INSTRUCTIONS FOR THE TASK ▸
From the material below, copy out each line with the word "mechanical" in it.

THE INPUT ▸
*-*-*

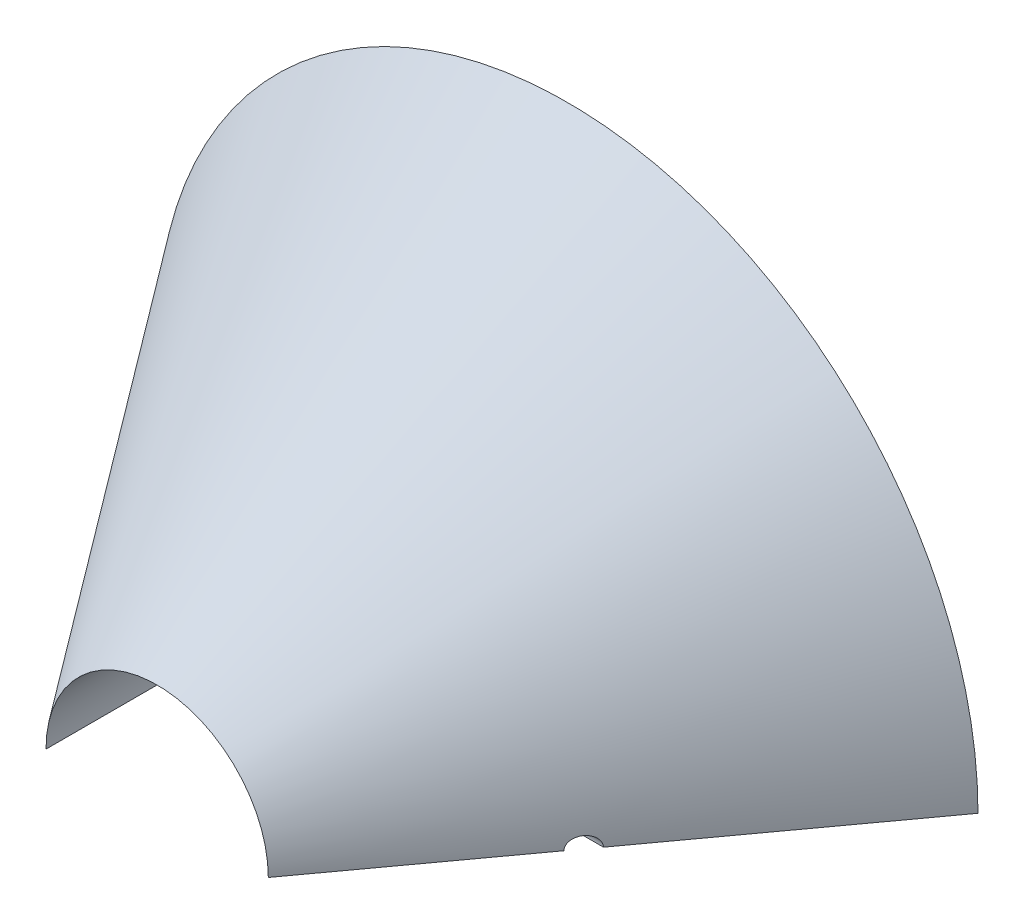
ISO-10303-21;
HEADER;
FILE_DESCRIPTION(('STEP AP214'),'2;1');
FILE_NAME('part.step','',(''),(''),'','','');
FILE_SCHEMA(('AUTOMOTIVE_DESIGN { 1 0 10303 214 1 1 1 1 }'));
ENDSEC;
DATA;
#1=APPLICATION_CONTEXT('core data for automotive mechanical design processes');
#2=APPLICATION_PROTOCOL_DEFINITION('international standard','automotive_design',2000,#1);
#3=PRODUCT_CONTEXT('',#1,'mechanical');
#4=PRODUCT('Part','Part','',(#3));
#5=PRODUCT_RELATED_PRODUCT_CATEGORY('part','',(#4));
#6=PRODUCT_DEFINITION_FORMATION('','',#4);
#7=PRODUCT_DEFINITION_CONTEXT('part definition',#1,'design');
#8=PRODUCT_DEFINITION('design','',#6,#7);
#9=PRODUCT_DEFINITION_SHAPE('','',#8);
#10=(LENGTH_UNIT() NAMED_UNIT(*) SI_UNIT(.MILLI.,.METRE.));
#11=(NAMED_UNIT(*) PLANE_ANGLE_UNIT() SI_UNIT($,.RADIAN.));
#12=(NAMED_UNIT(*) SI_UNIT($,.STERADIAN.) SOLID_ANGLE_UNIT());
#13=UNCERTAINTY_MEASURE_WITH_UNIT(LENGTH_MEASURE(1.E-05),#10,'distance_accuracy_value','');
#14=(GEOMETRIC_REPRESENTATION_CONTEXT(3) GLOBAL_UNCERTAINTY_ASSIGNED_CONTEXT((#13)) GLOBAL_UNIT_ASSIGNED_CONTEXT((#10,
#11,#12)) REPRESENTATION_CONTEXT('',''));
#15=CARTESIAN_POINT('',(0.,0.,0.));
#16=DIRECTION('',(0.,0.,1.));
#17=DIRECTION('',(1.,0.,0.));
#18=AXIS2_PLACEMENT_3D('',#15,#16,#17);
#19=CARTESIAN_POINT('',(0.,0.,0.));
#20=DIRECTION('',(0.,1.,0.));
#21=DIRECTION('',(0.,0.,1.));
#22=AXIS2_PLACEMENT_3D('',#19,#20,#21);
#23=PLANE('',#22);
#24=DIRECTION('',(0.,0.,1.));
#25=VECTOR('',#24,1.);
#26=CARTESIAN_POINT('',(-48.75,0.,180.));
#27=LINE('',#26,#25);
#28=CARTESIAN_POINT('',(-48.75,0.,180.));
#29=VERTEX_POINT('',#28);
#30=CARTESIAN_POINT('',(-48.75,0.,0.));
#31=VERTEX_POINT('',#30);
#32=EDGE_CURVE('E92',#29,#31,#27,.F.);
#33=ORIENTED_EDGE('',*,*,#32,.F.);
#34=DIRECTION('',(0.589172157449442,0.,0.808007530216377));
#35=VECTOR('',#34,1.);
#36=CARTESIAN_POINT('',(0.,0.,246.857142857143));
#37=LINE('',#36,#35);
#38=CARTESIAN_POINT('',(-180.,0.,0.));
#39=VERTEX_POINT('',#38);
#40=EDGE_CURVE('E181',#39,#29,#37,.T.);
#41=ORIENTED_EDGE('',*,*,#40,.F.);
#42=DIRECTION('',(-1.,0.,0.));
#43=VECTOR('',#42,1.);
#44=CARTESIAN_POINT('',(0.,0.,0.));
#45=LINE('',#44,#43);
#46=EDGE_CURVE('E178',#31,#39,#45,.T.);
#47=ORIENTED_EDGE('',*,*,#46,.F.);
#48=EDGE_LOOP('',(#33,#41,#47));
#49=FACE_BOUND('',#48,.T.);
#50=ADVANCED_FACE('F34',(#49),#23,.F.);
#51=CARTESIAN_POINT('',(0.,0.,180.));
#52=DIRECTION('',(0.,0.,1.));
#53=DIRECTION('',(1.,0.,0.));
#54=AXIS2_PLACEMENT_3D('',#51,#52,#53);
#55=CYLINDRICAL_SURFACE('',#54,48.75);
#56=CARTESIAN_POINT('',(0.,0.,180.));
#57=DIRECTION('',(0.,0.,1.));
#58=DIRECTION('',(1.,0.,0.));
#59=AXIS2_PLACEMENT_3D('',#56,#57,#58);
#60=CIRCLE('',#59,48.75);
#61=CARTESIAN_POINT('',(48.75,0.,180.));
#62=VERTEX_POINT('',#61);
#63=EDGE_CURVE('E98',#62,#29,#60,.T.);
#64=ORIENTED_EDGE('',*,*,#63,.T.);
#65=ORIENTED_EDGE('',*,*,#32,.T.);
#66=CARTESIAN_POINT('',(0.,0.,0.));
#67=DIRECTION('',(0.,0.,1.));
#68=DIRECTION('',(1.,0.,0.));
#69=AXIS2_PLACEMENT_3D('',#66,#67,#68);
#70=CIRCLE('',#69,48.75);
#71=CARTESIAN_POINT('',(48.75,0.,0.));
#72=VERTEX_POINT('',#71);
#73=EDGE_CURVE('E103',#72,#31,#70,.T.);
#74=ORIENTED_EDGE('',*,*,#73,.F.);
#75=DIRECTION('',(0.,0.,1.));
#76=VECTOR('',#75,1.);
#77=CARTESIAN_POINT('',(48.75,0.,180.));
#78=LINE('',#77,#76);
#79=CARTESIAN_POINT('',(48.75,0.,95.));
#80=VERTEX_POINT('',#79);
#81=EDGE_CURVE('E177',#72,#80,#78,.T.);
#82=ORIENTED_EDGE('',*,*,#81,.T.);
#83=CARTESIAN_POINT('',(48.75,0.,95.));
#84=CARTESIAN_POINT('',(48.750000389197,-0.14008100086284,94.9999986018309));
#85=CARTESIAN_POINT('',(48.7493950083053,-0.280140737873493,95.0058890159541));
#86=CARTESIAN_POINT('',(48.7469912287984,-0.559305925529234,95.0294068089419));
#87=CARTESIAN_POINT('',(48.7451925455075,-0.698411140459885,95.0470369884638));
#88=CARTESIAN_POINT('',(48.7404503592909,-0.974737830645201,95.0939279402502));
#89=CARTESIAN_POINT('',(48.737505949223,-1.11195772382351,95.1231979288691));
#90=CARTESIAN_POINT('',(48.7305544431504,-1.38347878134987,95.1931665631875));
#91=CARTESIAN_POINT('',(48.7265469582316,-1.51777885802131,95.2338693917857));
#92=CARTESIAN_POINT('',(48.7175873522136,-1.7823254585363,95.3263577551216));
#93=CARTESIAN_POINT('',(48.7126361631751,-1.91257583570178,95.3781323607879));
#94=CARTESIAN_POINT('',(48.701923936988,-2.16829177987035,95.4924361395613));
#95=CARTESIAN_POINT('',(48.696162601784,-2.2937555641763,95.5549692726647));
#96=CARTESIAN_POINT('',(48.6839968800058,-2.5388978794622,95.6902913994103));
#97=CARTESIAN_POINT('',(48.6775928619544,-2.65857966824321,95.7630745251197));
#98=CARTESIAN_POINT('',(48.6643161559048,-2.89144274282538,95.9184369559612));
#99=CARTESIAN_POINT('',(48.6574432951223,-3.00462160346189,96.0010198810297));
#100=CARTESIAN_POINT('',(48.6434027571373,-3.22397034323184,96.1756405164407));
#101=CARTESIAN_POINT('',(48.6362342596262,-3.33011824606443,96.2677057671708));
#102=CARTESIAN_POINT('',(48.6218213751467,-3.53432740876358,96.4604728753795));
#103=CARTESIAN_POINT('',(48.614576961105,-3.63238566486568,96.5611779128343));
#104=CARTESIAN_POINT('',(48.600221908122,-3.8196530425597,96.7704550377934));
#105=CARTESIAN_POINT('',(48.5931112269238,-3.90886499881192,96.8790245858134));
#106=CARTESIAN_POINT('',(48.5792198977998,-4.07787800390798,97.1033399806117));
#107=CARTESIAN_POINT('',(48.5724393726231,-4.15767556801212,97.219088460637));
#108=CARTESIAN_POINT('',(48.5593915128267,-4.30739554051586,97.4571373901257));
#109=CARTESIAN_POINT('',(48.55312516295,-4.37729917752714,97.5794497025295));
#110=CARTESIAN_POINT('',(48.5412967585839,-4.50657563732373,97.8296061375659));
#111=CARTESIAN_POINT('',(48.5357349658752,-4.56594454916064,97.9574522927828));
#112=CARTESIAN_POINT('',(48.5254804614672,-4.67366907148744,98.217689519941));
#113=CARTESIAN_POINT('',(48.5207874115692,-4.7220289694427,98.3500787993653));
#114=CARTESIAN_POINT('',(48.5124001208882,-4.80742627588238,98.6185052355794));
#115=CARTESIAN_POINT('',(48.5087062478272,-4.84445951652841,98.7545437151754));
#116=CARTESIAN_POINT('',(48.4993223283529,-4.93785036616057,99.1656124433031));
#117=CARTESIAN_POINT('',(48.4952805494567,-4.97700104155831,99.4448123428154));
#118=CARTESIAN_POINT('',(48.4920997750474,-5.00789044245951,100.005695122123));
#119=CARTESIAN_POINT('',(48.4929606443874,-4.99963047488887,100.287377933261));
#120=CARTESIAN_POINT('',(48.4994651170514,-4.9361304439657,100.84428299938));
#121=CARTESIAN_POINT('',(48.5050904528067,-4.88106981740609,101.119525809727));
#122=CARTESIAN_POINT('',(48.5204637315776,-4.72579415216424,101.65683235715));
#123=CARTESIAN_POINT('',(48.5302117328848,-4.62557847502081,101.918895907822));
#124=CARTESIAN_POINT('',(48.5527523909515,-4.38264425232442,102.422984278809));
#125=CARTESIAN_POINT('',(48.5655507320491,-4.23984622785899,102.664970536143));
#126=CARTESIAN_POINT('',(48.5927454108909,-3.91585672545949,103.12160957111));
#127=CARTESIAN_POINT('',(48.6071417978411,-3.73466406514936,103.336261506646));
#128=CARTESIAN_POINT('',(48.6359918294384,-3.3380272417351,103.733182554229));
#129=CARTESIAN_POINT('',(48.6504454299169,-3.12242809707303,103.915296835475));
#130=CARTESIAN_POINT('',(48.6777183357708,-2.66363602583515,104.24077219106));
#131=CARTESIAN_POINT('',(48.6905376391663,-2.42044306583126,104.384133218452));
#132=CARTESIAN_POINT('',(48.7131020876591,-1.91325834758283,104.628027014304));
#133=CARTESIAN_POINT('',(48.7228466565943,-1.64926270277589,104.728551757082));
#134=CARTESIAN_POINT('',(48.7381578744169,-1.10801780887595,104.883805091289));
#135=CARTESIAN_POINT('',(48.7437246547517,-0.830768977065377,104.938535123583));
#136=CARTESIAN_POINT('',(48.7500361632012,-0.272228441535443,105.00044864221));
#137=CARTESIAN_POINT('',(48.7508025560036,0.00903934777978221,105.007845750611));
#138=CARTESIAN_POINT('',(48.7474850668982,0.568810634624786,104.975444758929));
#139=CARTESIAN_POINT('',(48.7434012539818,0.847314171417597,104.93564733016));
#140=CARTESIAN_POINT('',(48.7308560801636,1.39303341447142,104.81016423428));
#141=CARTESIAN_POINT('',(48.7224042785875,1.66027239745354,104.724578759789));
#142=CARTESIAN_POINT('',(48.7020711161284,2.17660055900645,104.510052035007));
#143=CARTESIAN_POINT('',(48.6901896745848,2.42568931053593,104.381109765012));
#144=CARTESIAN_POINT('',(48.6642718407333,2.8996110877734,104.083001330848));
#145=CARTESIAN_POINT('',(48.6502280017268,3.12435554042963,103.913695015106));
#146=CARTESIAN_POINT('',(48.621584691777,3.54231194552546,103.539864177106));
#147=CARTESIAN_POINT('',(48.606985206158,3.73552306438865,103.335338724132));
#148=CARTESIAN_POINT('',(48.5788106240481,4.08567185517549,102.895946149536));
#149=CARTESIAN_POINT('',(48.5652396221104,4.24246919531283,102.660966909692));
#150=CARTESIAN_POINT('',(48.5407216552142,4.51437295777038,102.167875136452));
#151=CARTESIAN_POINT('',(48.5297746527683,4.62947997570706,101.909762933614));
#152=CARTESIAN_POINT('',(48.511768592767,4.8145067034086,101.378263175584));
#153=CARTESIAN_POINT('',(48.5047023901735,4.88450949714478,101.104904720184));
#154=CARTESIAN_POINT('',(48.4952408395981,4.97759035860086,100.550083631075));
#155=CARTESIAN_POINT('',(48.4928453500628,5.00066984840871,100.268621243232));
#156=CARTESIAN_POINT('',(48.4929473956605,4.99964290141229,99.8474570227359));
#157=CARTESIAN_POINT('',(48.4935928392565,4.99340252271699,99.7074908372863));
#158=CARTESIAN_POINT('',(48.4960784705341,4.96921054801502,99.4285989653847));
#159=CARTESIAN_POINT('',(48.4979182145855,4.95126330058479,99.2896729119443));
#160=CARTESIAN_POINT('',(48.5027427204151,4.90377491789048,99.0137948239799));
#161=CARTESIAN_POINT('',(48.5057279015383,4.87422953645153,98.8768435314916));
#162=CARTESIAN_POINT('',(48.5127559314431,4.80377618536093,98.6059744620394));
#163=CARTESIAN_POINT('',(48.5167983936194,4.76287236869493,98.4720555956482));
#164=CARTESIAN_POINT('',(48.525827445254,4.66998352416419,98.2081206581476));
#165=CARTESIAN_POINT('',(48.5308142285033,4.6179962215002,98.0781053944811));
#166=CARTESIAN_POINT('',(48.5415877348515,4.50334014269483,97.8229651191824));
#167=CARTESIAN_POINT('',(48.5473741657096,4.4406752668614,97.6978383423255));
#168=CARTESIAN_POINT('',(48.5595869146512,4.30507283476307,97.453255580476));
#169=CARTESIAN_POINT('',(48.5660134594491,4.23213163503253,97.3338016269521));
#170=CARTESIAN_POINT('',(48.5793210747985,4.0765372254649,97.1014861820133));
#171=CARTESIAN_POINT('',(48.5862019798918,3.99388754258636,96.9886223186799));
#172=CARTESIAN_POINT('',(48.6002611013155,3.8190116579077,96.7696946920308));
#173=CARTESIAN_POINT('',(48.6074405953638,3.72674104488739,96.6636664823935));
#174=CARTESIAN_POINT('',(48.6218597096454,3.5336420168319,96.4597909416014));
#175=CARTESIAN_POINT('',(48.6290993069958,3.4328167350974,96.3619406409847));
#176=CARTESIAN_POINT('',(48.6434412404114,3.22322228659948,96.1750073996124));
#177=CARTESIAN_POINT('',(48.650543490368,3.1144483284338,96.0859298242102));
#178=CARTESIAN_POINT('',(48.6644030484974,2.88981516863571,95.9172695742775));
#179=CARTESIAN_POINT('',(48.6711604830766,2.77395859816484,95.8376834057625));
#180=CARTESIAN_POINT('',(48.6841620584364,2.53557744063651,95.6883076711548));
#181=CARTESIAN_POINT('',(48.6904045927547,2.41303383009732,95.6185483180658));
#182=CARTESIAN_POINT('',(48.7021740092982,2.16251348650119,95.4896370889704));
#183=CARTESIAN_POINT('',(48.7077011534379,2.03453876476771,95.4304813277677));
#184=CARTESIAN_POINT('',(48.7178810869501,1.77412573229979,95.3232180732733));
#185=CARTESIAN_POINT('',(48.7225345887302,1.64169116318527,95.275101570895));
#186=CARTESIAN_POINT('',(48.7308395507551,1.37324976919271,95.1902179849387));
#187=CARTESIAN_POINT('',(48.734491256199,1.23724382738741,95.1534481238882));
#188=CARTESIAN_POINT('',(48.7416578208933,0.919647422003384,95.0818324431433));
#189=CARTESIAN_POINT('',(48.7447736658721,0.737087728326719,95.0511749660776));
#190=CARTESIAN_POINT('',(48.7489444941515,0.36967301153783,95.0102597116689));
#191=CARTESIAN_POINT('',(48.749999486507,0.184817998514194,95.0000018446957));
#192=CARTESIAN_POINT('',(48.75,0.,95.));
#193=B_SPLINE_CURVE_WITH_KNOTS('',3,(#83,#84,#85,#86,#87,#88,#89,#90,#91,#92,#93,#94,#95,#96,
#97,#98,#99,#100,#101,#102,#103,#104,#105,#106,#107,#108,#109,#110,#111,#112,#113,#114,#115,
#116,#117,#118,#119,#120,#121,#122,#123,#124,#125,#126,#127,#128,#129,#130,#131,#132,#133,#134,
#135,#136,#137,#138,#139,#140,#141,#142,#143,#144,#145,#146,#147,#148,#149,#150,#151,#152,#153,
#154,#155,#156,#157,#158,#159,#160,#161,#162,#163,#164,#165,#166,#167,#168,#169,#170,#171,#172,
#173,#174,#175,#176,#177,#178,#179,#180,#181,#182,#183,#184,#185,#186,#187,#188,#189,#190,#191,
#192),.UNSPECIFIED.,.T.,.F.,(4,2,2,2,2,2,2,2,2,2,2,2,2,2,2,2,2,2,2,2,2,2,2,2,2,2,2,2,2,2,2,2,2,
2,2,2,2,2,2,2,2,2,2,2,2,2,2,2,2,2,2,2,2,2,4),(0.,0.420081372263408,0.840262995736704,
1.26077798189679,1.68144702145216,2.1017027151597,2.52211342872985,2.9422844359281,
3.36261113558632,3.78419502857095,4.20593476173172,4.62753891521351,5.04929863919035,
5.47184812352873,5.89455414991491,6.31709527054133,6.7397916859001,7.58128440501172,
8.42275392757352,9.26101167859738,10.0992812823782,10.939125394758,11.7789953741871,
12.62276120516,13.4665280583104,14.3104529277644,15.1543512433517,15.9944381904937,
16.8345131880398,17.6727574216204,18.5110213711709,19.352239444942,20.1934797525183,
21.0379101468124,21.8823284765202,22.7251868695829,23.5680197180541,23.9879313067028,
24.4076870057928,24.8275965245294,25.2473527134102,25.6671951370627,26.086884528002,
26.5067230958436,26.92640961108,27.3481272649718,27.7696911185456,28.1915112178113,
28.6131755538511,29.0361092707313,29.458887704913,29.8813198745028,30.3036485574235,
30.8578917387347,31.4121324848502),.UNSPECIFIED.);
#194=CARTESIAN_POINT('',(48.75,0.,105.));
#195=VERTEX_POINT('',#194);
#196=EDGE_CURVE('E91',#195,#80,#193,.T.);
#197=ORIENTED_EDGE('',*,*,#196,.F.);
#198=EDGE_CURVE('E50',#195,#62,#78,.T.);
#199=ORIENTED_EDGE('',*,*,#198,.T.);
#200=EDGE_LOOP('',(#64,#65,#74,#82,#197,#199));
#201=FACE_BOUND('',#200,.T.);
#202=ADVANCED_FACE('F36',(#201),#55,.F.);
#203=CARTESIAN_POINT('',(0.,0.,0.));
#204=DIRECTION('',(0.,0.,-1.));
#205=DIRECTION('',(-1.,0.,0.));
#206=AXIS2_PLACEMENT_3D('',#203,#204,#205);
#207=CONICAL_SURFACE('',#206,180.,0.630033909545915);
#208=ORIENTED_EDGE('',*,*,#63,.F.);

*-*-*

YOUR RESPONSE ▸
#1=APPLICATION_CONTEXT('core data for automotive mechanical design processes');
#3=PRODUCT_CONTEXT('',#1,'mechanical');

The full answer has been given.